Set down the data below from its first line to the line holding "BESS Selling price", inclusive; omit all pictures.

[Records contained in a dataset]
◇ ◇ ◇ ◇ ◇

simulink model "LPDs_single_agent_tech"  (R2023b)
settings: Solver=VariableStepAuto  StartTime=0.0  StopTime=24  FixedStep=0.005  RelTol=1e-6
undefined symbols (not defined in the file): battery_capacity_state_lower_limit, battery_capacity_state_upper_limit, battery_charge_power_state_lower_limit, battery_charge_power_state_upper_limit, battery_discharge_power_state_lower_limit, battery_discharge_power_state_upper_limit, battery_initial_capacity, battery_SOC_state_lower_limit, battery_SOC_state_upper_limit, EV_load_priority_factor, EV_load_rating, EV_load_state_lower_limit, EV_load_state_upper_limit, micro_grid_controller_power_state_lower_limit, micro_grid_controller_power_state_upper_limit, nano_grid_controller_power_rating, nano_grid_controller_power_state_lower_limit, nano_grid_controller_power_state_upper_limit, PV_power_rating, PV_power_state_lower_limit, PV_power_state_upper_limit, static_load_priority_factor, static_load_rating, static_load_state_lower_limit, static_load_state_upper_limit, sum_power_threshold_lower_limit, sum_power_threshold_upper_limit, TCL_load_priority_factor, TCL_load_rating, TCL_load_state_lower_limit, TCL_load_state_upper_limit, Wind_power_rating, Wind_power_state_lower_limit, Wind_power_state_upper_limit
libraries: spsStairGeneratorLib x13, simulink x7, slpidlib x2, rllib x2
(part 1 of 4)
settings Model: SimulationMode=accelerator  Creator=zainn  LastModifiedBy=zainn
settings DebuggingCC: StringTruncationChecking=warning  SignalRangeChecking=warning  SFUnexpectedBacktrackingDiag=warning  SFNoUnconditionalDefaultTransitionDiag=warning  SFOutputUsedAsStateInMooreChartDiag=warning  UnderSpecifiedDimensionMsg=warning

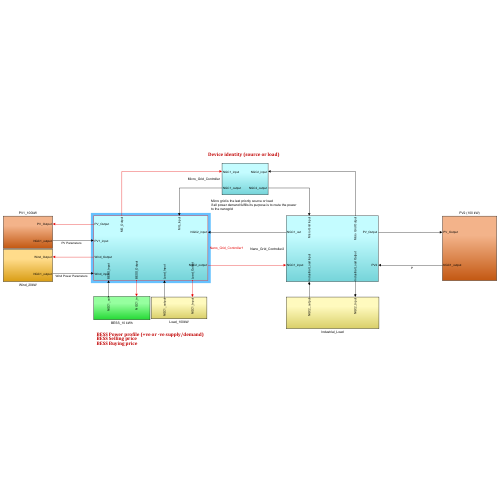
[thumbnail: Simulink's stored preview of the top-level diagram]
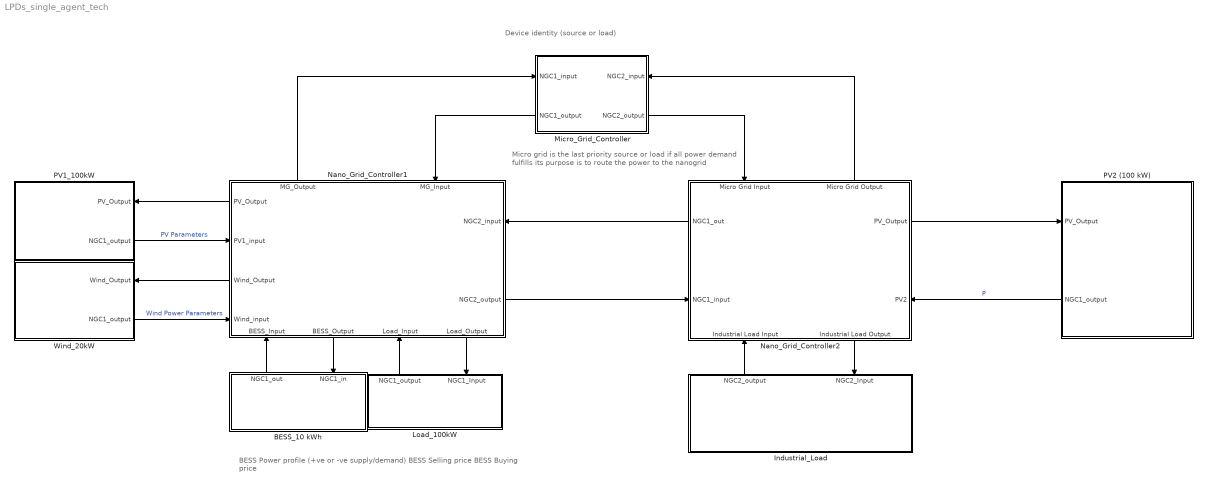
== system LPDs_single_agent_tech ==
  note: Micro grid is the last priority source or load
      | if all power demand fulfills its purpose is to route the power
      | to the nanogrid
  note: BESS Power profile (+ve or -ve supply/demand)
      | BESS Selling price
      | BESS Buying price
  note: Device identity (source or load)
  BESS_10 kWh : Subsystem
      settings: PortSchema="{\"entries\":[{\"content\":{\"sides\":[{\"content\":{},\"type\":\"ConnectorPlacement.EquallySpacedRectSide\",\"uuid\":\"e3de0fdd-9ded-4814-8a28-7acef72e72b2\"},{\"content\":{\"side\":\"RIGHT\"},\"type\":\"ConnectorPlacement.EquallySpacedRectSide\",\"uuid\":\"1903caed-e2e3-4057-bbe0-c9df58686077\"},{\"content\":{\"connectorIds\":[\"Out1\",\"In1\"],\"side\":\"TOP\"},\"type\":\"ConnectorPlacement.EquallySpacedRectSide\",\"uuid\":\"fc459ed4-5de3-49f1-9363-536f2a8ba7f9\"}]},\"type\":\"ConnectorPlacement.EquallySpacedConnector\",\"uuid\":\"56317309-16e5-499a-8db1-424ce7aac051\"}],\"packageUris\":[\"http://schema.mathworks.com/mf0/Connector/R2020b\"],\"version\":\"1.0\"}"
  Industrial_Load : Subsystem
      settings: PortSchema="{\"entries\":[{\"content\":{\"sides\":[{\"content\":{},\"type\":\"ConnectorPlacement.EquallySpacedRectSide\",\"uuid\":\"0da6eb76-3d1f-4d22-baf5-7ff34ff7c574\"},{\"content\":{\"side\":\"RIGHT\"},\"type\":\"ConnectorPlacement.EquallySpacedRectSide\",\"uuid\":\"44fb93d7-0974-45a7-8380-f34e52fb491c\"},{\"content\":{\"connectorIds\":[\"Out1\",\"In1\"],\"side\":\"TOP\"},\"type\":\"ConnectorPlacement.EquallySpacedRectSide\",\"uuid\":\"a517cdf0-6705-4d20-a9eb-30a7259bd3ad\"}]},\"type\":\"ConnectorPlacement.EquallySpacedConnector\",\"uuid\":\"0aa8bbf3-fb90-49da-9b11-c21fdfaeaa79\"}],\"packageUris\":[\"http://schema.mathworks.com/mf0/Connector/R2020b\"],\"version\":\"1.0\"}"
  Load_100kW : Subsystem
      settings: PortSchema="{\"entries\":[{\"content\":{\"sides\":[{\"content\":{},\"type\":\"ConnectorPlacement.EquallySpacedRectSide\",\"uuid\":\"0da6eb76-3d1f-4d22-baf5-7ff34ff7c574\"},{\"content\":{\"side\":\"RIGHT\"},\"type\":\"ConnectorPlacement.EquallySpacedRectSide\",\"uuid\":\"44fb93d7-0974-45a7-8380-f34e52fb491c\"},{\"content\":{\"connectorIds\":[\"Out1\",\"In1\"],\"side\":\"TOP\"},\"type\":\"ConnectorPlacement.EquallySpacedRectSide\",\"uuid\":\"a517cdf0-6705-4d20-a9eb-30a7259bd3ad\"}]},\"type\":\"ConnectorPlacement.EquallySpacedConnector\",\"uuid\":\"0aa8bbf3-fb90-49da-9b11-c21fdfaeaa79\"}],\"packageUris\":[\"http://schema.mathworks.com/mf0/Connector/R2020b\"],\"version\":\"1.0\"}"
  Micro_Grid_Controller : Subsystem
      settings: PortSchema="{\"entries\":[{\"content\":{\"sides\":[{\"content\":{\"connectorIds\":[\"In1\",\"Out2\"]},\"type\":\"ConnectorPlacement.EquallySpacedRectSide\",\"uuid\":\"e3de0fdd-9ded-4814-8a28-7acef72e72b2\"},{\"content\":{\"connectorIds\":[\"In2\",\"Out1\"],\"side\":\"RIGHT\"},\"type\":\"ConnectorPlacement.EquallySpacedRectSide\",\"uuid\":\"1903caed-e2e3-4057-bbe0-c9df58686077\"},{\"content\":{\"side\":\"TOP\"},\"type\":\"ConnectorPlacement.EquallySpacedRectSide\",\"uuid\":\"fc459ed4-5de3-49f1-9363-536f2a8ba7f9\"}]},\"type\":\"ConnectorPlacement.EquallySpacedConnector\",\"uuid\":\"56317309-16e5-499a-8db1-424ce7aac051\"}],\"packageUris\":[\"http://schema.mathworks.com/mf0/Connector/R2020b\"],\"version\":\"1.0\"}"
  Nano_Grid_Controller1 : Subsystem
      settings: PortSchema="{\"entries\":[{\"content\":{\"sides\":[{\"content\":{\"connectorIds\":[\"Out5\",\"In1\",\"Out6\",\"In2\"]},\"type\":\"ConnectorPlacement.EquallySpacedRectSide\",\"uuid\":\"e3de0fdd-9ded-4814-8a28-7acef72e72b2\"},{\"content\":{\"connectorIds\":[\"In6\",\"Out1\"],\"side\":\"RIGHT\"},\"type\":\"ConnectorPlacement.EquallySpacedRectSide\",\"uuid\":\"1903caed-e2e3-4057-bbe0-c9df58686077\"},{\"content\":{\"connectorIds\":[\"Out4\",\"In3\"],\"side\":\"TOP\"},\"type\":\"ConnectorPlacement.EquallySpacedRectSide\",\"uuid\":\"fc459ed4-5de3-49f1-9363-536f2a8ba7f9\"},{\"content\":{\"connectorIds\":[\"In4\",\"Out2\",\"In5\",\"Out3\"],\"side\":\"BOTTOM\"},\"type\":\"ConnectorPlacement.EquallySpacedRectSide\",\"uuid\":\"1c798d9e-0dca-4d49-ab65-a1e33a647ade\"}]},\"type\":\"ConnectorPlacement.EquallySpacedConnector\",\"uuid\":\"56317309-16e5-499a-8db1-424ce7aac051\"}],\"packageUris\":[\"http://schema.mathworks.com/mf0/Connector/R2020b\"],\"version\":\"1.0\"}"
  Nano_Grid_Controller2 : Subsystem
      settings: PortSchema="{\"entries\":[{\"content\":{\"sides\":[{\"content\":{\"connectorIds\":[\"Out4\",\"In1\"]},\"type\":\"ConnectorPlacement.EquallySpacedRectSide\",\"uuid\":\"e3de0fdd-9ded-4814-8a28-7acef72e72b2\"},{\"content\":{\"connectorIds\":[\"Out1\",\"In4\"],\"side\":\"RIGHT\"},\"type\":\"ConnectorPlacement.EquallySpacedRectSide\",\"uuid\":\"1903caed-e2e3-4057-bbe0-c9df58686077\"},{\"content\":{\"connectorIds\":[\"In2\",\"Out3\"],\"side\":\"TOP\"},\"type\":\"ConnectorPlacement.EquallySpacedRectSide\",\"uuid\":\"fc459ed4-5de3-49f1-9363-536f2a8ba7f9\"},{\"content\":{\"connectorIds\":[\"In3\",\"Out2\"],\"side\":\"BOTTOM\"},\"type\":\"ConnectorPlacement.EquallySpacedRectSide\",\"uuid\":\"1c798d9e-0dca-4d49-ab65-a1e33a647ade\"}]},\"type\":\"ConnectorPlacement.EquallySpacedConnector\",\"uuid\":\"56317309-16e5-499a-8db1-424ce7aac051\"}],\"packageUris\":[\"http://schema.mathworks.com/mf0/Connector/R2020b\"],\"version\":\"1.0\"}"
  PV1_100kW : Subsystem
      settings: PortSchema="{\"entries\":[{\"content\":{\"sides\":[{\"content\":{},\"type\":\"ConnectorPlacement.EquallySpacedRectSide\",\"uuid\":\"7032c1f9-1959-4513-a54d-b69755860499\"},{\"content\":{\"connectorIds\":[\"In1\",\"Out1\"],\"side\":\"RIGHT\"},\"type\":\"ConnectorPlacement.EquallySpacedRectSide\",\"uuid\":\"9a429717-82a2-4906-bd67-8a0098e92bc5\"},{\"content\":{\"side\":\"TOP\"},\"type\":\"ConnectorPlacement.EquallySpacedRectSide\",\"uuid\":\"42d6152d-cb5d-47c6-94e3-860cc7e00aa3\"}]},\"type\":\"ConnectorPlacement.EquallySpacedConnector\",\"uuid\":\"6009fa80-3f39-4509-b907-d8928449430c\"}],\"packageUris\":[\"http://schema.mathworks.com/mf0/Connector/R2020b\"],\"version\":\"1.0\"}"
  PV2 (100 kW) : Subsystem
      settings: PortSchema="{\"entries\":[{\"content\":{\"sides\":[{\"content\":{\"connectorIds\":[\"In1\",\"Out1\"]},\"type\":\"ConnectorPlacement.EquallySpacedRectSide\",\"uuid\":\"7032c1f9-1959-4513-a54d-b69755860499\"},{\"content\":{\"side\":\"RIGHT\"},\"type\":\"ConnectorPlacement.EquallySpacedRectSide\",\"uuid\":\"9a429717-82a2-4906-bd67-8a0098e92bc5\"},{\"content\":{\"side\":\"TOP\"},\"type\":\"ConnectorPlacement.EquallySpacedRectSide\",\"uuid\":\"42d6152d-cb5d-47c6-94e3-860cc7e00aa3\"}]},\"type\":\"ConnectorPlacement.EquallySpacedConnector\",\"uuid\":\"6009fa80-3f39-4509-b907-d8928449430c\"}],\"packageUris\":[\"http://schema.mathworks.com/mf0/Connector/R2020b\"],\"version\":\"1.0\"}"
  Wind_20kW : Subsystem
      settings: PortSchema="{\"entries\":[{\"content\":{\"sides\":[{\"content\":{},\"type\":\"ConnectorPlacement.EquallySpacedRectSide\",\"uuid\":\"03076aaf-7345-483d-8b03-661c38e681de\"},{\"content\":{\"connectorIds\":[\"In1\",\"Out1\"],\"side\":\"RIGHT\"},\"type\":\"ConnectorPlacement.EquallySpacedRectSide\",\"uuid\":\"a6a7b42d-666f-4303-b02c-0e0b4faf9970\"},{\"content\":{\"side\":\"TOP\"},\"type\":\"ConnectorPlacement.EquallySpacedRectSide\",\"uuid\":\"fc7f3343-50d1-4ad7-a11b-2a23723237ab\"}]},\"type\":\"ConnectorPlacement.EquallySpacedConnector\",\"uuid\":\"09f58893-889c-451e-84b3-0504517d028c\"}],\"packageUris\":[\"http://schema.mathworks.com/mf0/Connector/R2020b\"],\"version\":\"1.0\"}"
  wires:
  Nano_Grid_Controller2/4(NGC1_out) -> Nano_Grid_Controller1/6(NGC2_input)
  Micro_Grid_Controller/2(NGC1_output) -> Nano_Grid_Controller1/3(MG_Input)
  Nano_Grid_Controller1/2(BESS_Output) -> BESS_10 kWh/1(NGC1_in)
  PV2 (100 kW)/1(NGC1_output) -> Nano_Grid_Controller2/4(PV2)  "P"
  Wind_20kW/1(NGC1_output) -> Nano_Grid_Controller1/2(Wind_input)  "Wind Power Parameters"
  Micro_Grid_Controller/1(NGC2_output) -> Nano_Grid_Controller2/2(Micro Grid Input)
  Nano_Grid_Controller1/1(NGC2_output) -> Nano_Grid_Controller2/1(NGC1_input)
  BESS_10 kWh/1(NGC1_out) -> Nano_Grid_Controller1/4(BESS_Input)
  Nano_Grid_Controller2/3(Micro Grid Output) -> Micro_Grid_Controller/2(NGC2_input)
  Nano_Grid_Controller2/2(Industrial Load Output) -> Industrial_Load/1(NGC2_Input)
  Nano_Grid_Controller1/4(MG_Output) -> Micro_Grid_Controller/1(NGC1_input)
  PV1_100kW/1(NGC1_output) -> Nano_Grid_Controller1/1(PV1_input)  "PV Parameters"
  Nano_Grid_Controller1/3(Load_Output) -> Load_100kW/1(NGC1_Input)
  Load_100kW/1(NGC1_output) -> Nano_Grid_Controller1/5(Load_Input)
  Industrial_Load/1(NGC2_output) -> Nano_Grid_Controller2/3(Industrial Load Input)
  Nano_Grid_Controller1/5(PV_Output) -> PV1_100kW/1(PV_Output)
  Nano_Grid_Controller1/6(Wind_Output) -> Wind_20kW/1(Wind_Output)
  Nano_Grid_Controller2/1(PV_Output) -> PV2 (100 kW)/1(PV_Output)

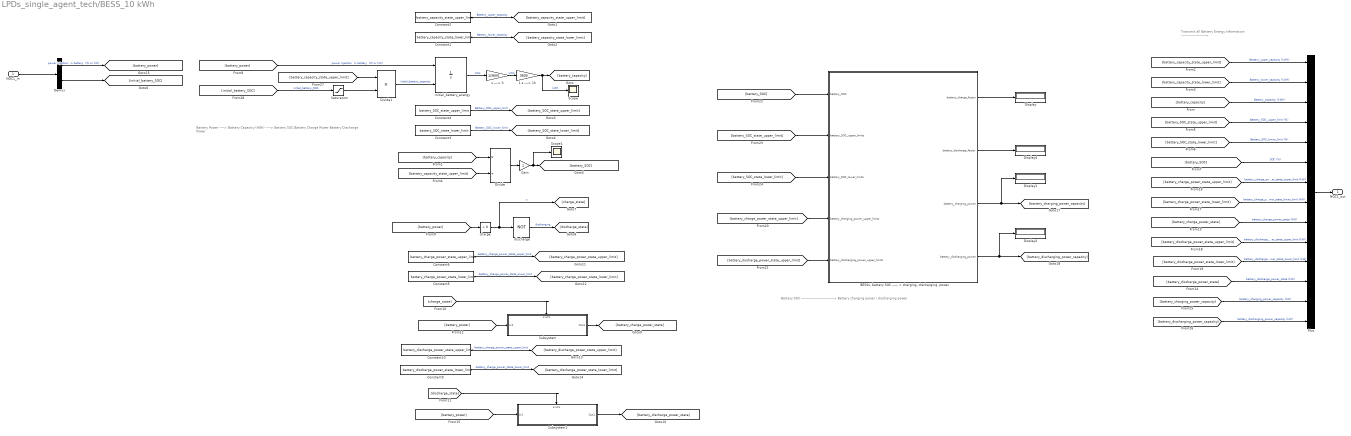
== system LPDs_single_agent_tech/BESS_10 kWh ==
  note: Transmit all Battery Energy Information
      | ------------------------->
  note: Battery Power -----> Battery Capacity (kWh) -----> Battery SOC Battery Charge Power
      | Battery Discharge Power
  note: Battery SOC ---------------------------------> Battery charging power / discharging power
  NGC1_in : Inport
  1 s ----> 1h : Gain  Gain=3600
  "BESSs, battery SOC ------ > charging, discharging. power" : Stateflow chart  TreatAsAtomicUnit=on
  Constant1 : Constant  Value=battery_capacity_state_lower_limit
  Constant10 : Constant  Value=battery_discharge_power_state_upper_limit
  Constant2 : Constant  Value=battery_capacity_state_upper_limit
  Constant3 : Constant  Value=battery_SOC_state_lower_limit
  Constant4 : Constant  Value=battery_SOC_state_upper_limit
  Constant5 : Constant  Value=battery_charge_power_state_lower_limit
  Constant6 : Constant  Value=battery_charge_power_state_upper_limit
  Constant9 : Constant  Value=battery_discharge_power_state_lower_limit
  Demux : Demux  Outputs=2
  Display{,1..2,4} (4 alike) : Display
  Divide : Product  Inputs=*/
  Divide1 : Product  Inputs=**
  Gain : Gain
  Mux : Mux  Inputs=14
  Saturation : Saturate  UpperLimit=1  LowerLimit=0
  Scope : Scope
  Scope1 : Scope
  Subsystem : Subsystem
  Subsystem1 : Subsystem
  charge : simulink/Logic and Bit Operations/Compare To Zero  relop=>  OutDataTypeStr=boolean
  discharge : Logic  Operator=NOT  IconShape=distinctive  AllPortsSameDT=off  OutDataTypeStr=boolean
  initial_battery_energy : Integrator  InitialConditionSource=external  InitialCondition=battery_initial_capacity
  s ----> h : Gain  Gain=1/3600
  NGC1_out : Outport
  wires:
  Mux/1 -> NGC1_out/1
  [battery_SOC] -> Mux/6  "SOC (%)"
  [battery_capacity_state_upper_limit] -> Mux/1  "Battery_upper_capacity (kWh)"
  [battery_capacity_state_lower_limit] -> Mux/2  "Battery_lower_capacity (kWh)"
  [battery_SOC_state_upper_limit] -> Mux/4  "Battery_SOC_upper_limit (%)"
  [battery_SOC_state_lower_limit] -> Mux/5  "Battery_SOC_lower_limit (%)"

◇ ◇ ◇ ◇ ◇

(EXERCISE SOLUTION)
simulink model "LPDs_single_agent_tech"  (R2023b)
settings: Solver=VariableStepAuto  StartTime=0.0  StopTime=24  FixedStep=0.005  RelTol=1e-6
undefined symbols (not defined in the file): battery_capacity_state_lower_limit, battery_capacity_state_upper_limit, battery_charge_power_state_lower_limit, battery_charge_power_state_upper_limit, battery_discharge_power_state_lower_limit, battery_discharge_power_state_upper_limit, battery_initial_capacity, battery_SOC_state_lower_limit, battery_SOC_state_upper_limit, EV_load_priority_factor, EV_load_rating, EV_load_state_lower_limit, EV_load_state_upper_limit, micro_grid_controller_power_state_lower_limit, micro_grid_controller_power_state_upper_limit, nano_grid_controller_power_rating, nano_grid_controller_power_state_lower_limit, nano_grid_controller_power_state_upper_limit, PV_power_rating, PV_power_state_lower_limit, PV_power_state_upper_limit, static_load_priority_factor, static_load_rating, static_load_state_lower_limit, static_load_state_upper_limit, sum_power_threshold_lower_limit, sum_power_threshold_upper_limit, TCL_load_priority_factor, TCL_load_rating, TCL_load_state_lower_limit, TCL_load_state_upper_limit, Wind_power_rating, Wind_power_state_lower_limit, Wind_power_state_upper_limit
libraries: spsStairGeneratorLib x13, simulink x7, slpidlib x2, rllib x2
(part 1 of 4)
settings Model: SimulationMode=accelerator  Creator=zainn  LastModifiedBy=zainn
settings DebuggingCC: StringTruncationChecking=warning  SignalRangeChecking=warning  SFUnexpectedBacktrackingDiag=warning  SFNoUnconditionalDefaultTransitionDiag=warning  SFOutputUsedAsStateInMooreChartDiag=warning  UnderSpecifiedDimensionMsg=warning

[thumbnail: Simulink's stored preview of the top-level diagram]
== system LPDs_single_agent_tech ==
  note: Micro grid is the last priority source or load
      | if all power demand fulfills its purpose is to route the power
      | to the nanogrid
  note: BESS Power profile (+ve or -ve supply/demand)
      | BESS Selling price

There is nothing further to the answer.